Chapter, “Magic Dick and a Woody” –Close up magic years.
* The guy was just a real pill, no fun at all and he also was quite the fem. Whenever he answered the phone at the shop he would pick up the phone in a fem voice and say, “Magic…Dick”.
Chapter, “Time for Two” –Family
* Canada’s Cultural Capital of Montreal would be for evermore our favorite Canadian Destination.
* ……..“This is not a very Happy Meal”.
Chapter, “Tennessee Tim”-Behind the scenes of JBO TV
* I think Tim and I had a little different perspective of what a houseboat was and his renovation meant that he bought a pool toy at Wal Mart and stuck it inside the shack.
* Now shooting a wild pig and boarding it was not enough for this captain, no, he immediately gutted the pig and cleaned it right there on the boat. He said it was easier to do it on his boat, and he was right.
* Walking back to the front of the trailer on the sofa was the Dominick’s Pizza Delivery guy. I opened the door and outside was his car still running, door open, and now 50 cold pizzas in the back seat.
* I said, “No sir, the only problem I have is that your B & B is 100 degrees and you put chocolates in your guests beds.
* “Damit man!!! Don’t listen to me I don’t know shit about flying an airplane, just photography! Fly the dam plane and don’t listen to a word I say!!’
* “We don’t need air conditioning up here in the mountains”. Really? Boy could have fooled me. To me 100 degrees is a 100 degrees weather your in the mountains or at the beach. According to my math, it is the same.
She said, “Yes. Alcohol. We don’t believe in it or serve it, now what kind of juice would you like?” Respectfully I said, “None. Thank you, I am trying to cut down”.
Chapter, ‘The Pirates are Coming”-The Pirate Life on the Docks
* It is the only helm station I ever saw that was a Knucklehead Harley with a hidden nine-millimeter that also served drinks. Very unique.
* P.D actually had a working still in the bilge of his creaky wooden boat that produced some of the strongest Rum I have ever had. The proof was so high he used it to also clean his diesel engines. He fabricated this still from a marine air-conditioning compressor.
* P. D. Cooper said that he would dance and they would only work for tips as long as they put in a taco bar. That’s right… a taco bar in a strip club.
Chapters, “Dating in the Mid Life”
* She had so much baggage she should have had a retractable handle coming out of her ass and rubber wheels for feet.

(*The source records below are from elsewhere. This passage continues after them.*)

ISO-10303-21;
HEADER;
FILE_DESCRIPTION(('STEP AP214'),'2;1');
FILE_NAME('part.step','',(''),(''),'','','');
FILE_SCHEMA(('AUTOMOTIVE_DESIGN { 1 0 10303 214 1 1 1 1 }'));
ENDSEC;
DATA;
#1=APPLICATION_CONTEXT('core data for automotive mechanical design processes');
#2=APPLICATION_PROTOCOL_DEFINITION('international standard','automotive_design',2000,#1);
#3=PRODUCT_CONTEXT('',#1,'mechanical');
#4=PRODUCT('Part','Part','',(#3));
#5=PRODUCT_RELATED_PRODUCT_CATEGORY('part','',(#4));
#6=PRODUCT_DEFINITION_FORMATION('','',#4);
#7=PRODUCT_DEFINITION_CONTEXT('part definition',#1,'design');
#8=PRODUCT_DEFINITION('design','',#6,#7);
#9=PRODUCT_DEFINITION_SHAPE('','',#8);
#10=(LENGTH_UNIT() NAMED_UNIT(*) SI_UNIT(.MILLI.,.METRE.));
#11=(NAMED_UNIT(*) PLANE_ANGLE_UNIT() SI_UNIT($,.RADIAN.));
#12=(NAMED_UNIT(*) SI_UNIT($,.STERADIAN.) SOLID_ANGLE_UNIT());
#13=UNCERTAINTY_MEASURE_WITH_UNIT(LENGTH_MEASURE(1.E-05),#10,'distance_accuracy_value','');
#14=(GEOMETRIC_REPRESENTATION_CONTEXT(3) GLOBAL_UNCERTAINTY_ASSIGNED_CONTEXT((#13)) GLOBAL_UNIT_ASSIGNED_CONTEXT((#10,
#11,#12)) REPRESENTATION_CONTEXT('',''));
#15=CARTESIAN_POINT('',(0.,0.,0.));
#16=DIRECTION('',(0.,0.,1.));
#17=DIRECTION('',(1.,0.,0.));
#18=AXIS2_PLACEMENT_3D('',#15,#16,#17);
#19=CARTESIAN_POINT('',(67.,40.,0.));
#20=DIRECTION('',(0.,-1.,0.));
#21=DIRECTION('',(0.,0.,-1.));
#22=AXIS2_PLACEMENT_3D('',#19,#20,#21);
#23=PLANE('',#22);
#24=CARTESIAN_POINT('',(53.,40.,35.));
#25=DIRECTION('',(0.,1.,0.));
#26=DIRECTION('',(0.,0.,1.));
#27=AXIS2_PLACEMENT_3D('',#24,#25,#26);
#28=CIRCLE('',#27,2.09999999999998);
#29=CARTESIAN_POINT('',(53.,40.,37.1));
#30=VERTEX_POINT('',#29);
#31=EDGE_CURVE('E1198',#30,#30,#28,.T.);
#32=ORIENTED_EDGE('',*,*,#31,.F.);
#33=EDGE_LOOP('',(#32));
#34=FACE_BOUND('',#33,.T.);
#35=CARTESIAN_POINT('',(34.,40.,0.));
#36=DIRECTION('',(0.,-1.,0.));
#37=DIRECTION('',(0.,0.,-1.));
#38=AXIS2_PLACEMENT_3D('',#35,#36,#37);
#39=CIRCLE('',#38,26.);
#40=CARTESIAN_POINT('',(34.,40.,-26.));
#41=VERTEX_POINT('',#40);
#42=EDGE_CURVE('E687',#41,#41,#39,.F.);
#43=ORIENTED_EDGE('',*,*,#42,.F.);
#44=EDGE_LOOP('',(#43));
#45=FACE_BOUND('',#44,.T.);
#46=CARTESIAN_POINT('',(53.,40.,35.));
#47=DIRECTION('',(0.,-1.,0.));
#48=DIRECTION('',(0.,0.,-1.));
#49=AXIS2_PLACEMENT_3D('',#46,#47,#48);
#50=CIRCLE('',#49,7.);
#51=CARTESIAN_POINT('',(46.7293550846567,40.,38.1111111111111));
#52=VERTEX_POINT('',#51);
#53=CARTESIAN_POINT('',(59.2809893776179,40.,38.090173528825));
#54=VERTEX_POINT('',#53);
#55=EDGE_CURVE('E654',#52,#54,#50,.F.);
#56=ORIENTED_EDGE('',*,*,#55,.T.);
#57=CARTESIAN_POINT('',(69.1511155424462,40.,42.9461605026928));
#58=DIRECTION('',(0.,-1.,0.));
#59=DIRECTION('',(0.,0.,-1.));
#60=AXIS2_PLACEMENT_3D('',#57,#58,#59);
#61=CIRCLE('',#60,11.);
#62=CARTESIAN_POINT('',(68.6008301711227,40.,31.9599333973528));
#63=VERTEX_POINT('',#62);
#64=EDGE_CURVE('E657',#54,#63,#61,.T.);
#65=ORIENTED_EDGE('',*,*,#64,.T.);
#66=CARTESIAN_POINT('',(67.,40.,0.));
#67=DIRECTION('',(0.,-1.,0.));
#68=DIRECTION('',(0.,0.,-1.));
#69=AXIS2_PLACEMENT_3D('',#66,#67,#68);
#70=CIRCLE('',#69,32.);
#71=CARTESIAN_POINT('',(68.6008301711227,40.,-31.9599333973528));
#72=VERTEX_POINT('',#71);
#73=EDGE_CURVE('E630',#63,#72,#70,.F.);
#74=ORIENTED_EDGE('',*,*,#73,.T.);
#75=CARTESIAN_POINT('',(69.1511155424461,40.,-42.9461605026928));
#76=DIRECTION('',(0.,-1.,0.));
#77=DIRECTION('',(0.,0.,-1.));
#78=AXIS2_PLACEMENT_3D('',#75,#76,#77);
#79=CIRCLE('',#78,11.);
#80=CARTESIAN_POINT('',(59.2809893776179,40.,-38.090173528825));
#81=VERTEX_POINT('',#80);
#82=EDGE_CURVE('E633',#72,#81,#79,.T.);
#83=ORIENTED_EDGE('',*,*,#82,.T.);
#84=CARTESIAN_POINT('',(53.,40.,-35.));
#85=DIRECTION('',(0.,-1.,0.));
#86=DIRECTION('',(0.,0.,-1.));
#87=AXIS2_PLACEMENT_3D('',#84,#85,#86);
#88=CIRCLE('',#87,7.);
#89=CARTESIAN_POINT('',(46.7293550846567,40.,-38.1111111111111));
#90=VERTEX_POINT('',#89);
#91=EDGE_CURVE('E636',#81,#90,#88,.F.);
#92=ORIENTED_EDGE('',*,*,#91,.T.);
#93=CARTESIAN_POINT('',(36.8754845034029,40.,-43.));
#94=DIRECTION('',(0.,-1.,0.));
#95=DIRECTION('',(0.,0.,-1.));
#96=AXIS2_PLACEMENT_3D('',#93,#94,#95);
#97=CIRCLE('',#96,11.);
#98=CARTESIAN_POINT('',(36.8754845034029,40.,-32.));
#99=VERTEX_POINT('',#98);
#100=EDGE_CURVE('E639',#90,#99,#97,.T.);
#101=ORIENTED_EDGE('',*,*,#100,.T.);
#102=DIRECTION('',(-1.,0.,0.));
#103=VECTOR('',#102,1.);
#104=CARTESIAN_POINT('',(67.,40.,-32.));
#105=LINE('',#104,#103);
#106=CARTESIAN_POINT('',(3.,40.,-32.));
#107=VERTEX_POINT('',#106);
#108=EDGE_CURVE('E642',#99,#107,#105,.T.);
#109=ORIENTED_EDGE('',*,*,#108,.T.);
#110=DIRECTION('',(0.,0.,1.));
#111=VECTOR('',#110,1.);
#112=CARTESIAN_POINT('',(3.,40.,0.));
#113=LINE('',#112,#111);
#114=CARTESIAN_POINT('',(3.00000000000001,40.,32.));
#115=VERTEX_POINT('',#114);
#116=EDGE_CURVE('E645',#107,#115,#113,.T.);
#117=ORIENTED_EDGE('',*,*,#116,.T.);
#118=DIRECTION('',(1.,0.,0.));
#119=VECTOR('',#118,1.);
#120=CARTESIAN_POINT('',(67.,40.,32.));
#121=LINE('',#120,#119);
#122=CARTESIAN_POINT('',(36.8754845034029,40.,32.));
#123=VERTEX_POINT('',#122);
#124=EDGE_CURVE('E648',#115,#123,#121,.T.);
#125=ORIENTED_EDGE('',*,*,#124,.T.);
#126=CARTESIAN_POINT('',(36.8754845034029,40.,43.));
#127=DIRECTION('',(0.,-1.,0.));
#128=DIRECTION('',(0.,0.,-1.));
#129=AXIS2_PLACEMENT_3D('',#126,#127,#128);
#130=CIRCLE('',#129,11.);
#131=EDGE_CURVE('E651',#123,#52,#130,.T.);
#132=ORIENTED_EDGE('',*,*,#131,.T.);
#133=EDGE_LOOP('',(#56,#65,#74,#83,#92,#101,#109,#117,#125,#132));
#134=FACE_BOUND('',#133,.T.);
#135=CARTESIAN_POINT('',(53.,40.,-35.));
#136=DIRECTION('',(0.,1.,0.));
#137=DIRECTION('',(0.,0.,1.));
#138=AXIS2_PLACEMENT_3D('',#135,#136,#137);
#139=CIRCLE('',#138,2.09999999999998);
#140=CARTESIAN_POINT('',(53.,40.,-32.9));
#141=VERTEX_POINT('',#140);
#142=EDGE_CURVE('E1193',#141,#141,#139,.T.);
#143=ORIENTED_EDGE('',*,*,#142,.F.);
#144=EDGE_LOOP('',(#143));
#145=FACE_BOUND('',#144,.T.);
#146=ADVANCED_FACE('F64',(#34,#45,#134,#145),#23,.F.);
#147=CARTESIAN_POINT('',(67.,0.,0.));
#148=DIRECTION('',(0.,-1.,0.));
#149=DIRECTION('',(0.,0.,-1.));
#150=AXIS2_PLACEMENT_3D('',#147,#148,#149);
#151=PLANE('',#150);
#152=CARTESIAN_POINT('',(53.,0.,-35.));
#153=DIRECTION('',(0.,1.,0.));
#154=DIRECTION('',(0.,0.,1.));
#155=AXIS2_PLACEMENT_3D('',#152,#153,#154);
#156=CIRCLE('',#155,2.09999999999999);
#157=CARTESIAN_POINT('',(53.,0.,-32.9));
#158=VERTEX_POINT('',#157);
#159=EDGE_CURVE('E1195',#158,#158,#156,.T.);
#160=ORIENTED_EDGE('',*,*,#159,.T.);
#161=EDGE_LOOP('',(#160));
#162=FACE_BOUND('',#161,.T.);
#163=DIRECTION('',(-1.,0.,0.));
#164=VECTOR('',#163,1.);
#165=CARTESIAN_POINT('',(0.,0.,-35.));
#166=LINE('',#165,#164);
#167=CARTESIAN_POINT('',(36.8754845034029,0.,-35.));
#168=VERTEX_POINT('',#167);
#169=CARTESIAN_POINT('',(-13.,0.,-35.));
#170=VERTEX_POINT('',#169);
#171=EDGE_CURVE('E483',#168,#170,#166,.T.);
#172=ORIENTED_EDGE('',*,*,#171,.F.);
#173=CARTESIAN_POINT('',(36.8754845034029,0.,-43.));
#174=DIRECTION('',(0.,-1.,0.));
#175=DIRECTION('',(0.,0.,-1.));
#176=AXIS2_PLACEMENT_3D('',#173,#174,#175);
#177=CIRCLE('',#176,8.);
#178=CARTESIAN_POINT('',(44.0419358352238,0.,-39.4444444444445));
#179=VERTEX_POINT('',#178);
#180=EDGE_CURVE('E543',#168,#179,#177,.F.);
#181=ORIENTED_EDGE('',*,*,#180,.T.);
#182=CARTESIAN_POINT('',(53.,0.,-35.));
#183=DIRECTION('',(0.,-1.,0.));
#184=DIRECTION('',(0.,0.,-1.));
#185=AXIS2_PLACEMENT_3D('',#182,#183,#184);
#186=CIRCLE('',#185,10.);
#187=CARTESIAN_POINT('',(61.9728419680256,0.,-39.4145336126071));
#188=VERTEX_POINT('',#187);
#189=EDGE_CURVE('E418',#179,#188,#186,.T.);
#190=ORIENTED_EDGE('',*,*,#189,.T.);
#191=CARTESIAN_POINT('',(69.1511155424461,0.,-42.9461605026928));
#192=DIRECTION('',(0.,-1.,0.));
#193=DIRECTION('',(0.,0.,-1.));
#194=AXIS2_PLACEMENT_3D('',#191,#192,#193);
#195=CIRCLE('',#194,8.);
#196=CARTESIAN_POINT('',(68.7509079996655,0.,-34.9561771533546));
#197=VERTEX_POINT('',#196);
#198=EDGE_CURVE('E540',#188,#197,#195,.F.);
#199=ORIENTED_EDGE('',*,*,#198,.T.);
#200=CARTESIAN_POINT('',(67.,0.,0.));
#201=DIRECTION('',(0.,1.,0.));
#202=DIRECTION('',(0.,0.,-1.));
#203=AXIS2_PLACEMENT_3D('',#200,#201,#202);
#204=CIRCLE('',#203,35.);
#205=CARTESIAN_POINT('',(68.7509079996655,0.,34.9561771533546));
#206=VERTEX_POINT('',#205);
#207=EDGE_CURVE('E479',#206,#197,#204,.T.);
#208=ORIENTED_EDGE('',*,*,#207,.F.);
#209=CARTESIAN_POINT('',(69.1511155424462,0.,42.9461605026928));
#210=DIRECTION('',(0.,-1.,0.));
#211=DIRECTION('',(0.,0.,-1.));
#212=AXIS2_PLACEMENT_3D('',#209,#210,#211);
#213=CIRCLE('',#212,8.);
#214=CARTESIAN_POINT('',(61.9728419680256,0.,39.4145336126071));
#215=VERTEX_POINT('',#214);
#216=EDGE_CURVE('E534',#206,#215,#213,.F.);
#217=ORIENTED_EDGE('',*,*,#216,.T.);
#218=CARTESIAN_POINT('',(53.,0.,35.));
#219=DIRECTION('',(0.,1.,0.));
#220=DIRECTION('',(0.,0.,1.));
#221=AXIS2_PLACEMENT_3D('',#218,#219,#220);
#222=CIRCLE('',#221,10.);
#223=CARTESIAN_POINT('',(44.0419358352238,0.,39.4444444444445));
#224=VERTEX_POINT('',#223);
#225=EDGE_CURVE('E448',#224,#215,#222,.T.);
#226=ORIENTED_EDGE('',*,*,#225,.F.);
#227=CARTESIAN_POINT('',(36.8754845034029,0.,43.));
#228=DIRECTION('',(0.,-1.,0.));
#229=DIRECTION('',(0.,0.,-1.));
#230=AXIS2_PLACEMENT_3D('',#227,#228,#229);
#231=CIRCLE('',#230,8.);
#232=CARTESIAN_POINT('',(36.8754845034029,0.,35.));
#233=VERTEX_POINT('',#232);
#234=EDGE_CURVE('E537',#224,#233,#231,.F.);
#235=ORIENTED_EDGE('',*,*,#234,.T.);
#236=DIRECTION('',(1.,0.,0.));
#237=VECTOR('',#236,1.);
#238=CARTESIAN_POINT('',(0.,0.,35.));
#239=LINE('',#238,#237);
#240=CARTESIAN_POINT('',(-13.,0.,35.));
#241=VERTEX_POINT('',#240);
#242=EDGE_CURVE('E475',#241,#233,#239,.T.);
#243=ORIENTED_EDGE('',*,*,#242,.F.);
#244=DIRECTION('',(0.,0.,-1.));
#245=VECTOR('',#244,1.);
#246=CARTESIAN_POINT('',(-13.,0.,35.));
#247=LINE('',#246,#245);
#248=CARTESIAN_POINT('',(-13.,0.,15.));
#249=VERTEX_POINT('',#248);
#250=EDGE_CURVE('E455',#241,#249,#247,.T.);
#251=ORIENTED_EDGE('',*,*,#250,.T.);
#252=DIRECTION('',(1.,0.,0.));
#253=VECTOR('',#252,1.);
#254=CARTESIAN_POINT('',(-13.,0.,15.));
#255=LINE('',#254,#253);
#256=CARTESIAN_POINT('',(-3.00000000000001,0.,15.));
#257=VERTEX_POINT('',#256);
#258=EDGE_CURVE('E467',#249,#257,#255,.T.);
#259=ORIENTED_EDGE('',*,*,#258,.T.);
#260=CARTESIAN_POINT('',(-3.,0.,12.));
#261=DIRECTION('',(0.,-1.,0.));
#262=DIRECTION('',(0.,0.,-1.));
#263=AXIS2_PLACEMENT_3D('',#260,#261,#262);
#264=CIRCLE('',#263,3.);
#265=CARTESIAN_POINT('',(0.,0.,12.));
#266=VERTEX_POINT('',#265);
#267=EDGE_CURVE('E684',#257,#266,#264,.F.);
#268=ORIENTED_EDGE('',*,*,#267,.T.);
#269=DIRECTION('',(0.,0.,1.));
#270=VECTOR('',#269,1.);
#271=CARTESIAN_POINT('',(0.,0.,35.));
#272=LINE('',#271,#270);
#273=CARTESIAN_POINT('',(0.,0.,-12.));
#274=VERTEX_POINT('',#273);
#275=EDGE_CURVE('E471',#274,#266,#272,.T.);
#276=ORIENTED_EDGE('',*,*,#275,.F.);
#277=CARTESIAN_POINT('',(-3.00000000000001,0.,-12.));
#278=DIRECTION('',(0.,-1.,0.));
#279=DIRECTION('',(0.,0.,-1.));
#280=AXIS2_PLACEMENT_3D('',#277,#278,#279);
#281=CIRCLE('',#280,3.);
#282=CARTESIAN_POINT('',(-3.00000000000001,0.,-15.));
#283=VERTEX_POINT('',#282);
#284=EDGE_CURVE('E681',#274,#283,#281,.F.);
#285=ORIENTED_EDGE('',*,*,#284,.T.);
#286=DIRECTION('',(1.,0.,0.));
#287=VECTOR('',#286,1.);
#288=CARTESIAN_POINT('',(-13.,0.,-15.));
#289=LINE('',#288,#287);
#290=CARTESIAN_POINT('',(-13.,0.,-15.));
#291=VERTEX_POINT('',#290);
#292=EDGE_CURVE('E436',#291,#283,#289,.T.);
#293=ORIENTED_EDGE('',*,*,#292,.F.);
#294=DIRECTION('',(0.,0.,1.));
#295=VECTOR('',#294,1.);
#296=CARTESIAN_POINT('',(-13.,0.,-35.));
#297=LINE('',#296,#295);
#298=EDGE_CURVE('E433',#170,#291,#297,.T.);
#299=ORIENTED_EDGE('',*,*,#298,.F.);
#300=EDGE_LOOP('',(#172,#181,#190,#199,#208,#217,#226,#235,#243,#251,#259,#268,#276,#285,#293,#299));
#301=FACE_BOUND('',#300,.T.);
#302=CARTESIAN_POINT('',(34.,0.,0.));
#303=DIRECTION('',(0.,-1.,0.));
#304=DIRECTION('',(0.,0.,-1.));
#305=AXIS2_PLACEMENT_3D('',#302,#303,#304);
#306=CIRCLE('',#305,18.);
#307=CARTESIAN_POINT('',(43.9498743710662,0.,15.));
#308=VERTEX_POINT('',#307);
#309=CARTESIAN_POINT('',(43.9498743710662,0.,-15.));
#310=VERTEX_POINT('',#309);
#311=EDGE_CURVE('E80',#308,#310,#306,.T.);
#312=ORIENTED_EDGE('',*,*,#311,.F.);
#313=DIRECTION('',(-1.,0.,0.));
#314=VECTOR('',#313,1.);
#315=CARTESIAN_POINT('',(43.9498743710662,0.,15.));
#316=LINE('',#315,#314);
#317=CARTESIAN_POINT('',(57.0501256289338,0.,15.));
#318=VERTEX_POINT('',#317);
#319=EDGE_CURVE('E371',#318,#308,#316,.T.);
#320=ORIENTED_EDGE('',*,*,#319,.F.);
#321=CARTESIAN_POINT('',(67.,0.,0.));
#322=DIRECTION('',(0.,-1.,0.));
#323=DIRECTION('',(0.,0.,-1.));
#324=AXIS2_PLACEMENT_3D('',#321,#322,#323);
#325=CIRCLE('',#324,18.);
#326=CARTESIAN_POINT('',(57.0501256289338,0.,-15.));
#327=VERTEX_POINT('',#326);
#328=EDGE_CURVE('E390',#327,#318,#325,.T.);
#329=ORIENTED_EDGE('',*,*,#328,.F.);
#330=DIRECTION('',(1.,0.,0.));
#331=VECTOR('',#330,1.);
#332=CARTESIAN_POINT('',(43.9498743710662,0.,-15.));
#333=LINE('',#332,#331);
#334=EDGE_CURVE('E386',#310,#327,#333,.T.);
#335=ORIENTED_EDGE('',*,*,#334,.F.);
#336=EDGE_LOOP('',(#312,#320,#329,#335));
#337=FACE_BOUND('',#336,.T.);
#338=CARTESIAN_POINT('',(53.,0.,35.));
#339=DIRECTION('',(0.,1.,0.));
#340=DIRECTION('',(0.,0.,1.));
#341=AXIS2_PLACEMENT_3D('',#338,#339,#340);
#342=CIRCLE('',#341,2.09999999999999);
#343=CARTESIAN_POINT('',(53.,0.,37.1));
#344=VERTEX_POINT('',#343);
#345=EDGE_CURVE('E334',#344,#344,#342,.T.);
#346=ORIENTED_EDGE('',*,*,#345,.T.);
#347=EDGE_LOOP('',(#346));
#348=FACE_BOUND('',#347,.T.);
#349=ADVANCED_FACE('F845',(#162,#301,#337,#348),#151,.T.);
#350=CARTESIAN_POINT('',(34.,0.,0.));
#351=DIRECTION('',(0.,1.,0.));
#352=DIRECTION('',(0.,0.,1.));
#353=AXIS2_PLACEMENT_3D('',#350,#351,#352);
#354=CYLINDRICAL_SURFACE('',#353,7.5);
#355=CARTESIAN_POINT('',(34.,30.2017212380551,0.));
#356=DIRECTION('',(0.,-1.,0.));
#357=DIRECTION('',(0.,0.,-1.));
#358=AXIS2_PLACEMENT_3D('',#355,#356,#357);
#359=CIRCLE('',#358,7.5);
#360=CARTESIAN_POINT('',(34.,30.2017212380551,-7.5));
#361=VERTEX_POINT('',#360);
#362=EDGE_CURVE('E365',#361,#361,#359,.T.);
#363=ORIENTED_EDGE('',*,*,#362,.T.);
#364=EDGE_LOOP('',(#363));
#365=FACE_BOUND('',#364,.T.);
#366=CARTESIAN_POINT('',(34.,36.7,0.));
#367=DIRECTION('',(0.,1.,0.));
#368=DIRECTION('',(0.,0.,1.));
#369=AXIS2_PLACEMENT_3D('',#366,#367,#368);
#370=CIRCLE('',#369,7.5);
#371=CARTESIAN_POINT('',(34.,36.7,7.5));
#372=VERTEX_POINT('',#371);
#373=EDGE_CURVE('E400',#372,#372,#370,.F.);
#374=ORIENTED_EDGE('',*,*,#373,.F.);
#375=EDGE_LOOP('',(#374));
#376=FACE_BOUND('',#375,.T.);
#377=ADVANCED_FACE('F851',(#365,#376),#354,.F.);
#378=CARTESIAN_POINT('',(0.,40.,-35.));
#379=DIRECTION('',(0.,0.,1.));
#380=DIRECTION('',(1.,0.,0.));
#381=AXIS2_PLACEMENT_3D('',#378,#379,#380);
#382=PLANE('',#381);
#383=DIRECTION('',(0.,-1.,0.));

* She did not want Nassau. She wanted the Pope and she was not even Catholic.
* Without a doubt, She could be the permanent poster child for the Jerry Spring Show.
* Could you imagine having her as your physician? I’d rather take up Scientology!
* She had turned into DC Nympho! It was like Clark Kent running into a phone booth and turning into superman. In this case blond-e had turned into raging sex goddess with a BIG attitude.
* This consisted of a Lava Lamp, a black light, glow in the dark make up, a glowing purple wig, neon spandex purple leggings and a one-piece leopard skin camisole. To top it off she had inserted glow in the dark purple contact lenses over her eyes.
* I was always happy she found a man that could keep up with her. More power to her, her boyfriend, and the Duracell Company.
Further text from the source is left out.